His statement "ijtāba fīhi al-lābis" — he inserted "fīhi" with "ijtāba", which is correct according to the standard of Arabic, for they said: "ijtāba al-thawba wa-l-ẓalāma", when one enters into it; thus "ijtāba" was given the meaning of "dakhala" (to enter), and therefore the preposition was added to it, on account of the meaning of entering.
(39) In the printed edition it reads: "ʿan tasbīhi dhālika lahumā", which has no meaning; in the manuscript it is without diacritical points, and this is its correct reading: "sannā lahu al-amra" [means]: he made it easy, facilitated it and opened it for him.
(40) In the printed edition it reads: "of which he is one, whose plural is qabl", which alters the text of the manuscript; in the manuscript it stands as I have written it, except that he wrote "ṣalan" and the "jīm" between the qāf and the jīm without a point. I have derived this from the text of Abū ʿUbayda in Majāz al-Qurʾān 1:213, namely: "that is to say: and his kind (jīl) of which he is one", and from the text of the author of Lisān al-ʿArab: "And every assembly of a single thing is called a qabīl." And "al-jīl" is every species of mankind, or [every] people.

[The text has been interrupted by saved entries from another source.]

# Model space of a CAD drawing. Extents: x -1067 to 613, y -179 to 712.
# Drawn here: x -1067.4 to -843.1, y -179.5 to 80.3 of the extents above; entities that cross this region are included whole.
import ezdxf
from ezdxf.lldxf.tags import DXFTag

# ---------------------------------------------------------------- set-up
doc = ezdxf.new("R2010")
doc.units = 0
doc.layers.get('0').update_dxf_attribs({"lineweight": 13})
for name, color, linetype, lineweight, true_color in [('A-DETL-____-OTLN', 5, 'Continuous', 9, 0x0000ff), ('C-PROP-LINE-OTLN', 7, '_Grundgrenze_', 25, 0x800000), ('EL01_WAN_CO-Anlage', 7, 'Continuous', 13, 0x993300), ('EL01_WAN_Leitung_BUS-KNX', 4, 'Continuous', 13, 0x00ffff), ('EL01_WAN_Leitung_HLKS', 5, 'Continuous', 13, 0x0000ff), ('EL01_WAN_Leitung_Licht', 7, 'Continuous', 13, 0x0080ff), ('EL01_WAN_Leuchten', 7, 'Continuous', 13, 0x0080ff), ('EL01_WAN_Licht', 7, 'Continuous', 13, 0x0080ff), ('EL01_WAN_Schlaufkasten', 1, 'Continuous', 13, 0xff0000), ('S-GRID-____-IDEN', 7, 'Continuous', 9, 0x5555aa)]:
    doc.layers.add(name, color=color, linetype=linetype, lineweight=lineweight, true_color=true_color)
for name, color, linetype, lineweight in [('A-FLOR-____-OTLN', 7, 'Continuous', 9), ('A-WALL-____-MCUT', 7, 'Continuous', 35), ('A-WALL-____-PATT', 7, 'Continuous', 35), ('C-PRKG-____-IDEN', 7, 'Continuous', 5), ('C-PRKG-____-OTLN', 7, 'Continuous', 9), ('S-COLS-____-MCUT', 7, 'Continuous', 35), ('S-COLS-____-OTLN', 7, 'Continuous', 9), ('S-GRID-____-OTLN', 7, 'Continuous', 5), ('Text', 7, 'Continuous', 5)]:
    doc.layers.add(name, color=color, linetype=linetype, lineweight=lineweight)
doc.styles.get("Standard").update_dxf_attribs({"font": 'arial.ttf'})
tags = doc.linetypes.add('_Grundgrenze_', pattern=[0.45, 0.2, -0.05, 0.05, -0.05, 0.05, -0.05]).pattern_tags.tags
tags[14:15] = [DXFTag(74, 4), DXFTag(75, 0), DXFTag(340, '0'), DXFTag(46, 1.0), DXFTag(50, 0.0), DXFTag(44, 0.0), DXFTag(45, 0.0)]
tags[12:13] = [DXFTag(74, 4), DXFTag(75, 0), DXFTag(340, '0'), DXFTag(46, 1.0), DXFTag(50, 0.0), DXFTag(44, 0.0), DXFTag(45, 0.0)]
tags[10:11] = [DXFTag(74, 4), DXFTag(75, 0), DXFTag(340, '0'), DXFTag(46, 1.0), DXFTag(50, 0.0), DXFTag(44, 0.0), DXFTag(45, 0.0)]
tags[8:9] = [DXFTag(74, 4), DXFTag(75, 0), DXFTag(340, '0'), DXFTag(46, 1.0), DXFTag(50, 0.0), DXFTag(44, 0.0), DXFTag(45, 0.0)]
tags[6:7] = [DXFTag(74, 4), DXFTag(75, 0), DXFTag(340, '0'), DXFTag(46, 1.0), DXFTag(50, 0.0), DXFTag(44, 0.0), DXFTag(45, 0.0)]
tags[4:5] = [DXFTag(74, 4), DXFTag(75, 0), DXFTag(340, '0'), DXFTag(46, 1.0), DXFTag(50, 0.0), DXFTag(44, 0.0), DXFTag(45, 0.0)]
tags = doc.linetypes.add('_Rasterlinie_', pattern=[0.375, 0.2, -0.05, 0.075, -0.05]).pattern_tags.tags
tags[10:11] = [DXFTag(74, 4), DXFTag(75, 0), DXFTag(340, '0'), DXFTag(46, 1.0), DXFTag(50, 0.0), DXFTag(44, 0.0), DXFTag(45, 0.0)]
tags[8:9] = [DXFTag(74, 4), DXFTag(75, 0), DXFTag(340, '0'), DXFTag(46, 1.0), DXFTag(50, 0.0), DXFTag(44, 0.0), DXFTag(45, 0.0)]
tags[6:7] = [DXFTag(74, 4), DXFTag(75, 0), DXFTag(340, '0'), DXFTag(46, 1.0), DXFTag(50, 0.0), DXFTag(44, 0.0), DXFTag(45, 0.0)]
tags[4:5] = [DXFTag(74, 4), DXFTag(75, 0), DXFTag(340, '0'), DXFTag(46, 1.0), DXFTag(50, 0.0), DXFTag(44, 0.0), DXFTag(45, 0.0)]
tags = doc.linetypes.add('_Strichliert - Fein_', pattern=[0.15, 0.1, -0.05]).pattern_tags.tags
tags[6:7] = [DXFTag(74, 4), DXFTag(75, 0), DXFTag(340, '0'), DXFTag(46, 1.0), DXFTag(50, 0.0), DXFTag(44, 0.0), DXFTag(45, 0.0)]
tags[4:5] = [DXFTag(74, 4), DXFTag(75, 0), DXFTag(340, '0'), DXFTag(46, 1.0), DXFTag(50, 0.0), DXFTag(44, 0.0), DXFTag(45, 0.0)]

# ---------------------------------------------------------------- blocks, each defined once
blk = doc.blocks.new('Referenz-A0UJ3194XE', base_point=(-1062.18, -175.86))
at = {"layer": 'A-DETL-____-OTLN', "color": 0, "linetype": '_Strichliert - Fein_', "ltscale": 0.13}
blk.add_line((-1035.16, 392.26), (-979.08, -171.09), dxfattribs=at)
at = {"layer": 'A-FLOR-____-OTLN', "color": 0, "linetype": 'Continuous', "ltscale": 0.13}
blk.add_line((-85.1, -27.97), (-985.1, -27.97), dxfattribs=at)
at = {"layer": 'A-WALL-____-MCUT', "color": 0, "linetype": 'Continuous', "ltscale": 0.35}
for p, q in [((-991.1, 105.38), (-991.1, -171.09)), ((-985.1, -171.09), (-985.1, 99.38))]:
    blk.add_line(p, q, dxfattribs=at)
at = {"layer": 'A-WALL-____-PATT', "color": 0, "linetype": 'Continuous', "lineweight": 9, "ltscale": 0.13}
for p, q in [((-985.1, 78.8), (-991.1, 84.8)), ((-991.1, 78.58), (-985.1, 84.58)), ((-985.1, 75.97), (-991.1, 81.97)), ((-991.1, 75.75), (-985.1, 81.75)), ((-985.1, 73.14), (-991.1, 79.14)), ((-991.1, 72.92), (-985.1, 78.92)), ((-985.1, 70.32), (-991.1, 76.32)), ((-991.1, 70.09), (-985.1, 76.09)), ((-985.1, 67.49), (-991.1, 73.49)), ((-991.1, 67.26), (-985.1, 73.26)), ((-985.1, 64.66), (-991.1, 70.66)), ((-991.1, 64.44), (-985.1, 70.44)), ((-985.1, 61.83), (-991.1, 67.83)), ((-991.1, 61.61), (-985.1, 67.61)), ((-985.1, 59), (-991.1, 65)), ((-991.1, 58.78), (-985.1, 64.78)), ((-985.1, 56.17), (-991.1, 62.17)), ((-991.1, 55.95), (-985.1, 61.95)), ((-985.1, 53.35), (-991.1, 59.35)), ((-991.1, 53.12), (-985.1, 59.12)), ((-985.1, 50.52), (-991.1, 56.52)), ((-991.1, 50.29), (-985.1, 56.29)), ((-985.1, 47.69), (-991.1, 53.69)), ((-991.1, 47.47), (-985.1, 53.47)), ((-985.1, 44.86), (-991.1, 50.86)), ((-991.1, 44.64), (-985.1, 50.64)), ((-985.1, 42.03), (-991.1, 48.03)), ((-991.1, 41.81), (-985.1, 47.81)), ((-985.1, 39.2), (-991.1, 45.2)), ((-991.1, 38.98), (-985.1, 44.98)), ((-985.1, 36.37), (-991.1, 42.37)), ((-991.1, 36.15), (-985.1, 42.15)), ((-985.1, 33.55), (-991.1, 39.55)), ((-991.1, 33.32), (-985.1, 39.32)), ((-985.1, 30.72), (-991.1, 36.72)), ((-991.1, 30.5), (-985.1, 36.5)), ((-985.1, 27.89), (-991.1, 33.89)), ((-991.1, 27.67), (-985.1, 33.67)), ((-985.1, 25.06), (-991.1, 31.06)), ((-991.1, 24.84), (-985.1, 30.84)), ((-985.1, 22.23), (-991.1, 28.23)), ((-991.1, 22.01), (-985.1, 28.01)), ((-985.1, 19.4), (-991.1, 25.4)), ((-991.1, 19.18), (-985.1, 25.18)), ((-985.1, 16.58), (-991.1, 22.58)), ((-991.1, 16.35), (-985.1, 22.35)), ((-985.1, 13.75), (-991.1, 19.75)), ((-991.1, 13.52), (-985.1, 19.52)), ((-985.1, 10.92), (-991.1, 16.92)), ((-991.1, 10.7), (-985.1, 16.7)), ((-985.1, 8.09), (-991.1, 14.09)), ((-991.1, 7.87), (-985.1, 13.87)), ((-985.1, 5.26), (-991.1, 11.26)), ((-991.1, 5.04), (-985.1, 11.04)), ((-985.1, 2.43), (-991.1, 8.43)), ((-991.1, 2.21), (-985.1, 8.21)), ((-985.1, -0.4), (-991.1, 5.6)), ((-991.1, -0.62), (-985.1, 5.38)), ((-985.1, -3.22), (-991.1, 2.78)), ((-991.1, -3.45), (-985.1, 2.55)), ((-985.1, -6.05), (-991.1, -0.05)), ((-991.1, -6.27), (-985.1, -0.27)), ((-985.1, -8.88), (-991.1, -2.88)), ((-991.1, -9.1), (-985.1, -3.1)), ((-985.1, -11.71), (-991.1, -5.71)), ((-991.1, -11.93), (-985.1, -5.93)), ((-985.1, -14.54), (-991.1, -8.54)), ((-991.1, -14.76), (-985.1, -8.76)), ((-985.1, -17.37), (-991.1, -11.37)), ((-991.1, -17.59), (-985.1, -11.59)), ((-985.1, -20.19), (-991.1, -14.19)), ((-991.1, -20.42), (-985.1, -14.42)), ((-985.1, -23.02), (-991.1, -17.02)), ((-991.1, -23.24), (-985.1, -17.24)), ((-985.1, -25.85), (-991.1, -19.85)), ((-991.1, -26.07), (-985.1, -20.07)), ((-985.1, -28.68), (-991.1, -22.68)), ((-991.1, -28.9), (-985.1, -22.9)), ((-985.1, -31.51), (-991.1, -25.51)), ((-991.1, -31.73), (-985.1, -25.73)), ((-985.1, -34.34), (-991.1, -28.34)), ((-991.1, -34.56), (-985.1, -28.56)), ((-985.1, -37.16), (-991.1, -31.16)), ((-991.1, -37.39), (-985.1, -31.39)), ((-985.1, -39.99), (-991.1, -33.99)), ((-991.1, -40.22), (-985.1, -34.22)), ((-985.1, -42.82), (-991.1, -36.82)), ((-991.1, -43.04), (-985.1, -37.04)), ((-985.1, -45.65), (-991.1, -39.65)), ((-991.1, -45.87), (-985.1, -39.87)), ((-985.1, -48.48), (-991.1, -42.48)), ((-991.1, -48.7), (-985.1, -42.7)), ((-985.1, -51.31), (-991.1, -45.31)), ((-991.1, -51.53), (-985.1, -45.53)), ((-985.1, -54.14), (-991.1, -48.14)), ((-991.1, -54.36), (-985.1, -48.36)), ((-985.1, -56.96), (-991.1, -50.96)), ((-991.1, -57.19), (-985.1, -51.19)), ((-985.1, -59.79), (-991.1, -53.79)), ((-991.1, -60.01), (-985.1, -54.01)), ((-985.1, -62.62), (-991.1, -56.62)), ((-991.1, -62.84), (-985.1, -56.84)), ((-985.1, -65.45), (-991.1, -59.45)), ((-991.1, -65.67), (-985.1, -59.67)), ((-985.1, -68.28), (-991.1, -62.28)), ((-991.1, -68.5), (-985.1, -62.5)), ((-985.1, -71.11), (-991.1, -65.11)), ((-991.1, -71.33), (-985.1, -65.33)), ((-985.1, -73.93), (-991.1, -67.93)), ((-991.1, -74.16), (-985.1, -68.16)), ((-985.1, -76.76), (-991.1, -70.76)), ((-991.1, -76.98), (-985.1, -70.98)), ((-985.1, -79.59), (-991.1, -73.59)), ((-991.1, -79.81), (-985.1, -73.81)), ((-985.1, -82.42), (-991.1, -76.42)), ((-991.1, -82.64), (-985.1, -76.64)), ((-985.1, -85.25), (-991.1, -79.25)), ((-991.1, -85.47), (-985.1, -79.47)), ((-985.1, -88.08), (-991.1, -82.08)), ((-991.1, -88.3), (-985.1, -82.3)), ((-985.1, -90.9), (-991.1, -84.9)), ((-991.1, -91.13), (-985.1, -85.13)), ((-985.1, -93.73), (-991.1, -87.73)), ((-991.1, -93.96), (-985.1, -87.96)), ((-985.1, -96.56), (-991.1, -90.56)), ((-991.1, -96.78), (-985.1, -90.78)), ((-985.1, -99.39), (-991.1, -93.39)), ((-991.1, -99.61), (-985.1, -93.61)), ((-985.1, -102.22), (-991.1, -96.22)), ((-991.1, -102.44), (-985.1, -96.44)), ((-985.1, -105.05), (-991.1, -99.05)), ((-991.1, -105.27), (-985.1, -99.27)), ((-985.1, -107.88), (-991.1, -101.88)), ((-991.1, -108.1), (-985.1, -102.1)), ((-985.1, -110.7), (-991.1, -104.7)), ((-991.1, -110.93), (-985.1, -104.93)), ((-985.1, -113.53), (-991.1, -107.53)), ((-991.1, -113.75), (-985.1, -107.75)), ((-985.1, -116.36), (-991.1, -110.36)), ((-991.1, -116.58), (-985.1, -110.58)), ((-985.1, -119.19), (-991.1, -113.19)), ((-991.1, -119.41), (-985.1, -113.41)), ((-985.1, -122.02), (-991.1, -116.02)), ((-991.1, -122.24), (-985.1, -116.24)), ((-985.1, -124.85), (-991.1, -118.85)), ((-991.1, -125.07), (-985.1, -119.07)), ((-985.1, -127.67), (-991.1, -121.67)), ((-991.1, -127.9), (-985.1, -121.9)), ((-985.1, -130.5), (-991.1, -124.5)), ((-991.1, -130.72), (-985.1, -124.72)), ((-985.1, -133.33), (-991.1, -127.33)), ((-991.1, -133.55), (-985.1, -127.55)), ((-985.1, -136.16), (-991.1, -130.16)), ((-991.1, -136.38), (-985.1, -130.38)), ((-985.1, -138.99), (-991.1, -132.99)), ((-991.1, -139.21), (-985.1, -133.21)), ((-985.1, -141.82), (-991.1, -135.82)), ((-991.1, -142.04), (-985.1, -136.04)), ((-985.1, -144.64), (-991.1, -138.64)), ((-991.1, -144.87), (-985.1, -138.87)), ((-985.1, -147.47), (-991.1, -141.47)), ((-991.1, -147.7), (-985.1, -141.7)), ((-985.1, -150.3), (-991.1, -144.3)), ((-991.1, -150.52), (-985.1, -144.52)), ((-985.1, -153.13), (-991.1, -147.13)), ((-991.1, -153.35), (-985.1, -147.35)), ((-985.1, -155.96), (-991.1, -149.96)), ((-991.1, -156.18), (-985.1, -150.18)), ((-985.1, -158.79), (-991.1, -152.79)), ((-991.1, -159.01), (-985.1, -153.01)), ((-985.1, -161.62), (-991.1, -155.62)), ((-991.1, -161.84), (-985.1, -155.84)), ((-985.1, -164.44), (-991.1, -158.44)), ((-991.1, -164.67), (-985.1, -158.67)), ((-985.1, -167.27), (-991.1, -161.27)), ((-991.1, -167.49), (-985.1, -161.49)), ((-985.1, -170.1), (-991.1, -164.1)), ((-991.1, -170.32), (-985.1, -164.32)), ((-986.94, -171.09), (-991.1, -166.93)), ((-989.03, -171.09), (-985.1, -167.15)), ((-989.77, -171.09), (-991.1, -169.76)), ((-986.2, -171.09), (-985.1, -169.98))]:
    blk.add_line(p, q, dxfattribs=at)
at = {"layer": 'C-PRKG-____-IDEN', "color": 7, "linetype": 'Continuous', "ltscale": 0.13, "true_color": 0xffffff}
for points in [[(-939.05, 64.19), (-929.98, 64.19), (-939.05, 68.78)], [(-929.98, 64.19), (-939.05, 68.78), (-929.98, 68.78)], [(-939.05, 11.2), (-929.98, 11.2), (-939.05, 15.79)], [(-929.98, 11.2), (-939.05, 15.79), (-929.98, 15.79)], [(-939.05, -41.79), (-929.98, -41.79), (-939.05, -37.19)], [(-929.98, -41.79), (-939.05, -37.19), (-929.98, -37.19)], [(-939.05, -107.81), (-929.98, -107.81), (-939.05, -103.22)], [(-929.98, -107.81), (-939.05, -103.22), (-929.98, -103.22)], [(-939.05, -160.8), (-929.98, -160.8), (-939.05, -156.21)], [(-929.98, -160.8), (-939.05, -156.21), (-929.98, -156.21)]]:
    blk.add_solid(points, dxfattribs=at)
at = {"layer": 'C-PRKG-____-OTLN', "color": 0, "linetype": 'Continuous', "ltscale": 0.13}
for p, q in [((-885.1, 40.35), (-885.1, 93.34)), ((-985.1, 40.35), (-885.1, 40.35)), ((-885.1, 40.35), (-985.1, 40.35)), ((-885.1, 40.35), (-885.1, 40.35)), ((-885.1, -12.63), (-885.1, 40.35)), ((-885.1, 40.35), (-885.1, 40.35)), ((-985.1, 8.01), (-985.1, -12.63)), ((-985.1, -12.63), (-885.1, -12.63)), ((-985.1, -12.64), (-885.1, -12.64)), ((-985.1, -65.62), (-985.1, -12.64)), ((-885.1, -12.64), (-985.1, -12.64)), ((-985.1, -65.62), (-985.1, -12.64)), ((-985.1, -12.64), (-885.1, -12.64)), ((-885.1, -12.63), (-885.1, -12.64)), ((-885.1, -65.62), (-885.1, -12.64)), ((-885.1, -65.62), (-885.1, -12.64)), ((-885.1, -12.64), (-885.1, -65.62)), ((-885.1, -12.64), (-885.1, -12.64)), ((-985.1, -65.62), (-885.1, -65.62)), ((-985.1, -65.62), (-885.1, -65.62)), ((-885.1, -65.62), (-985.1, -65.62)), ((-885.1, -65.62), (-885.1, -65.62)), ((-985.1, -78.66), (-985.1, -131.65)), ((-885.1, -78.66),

One says: "the Turks are a jīl, the Chinese are a jīl, the Arabs are a jīl, the Romans [Byzantines] are a jīl", and they are each people that is distinguished by a [particular] language, from which by their coming together a nation arises and a known, defined species of mankind.
(41) See the explanation of "walī" earlier in the linguistic indexes (w-l-y).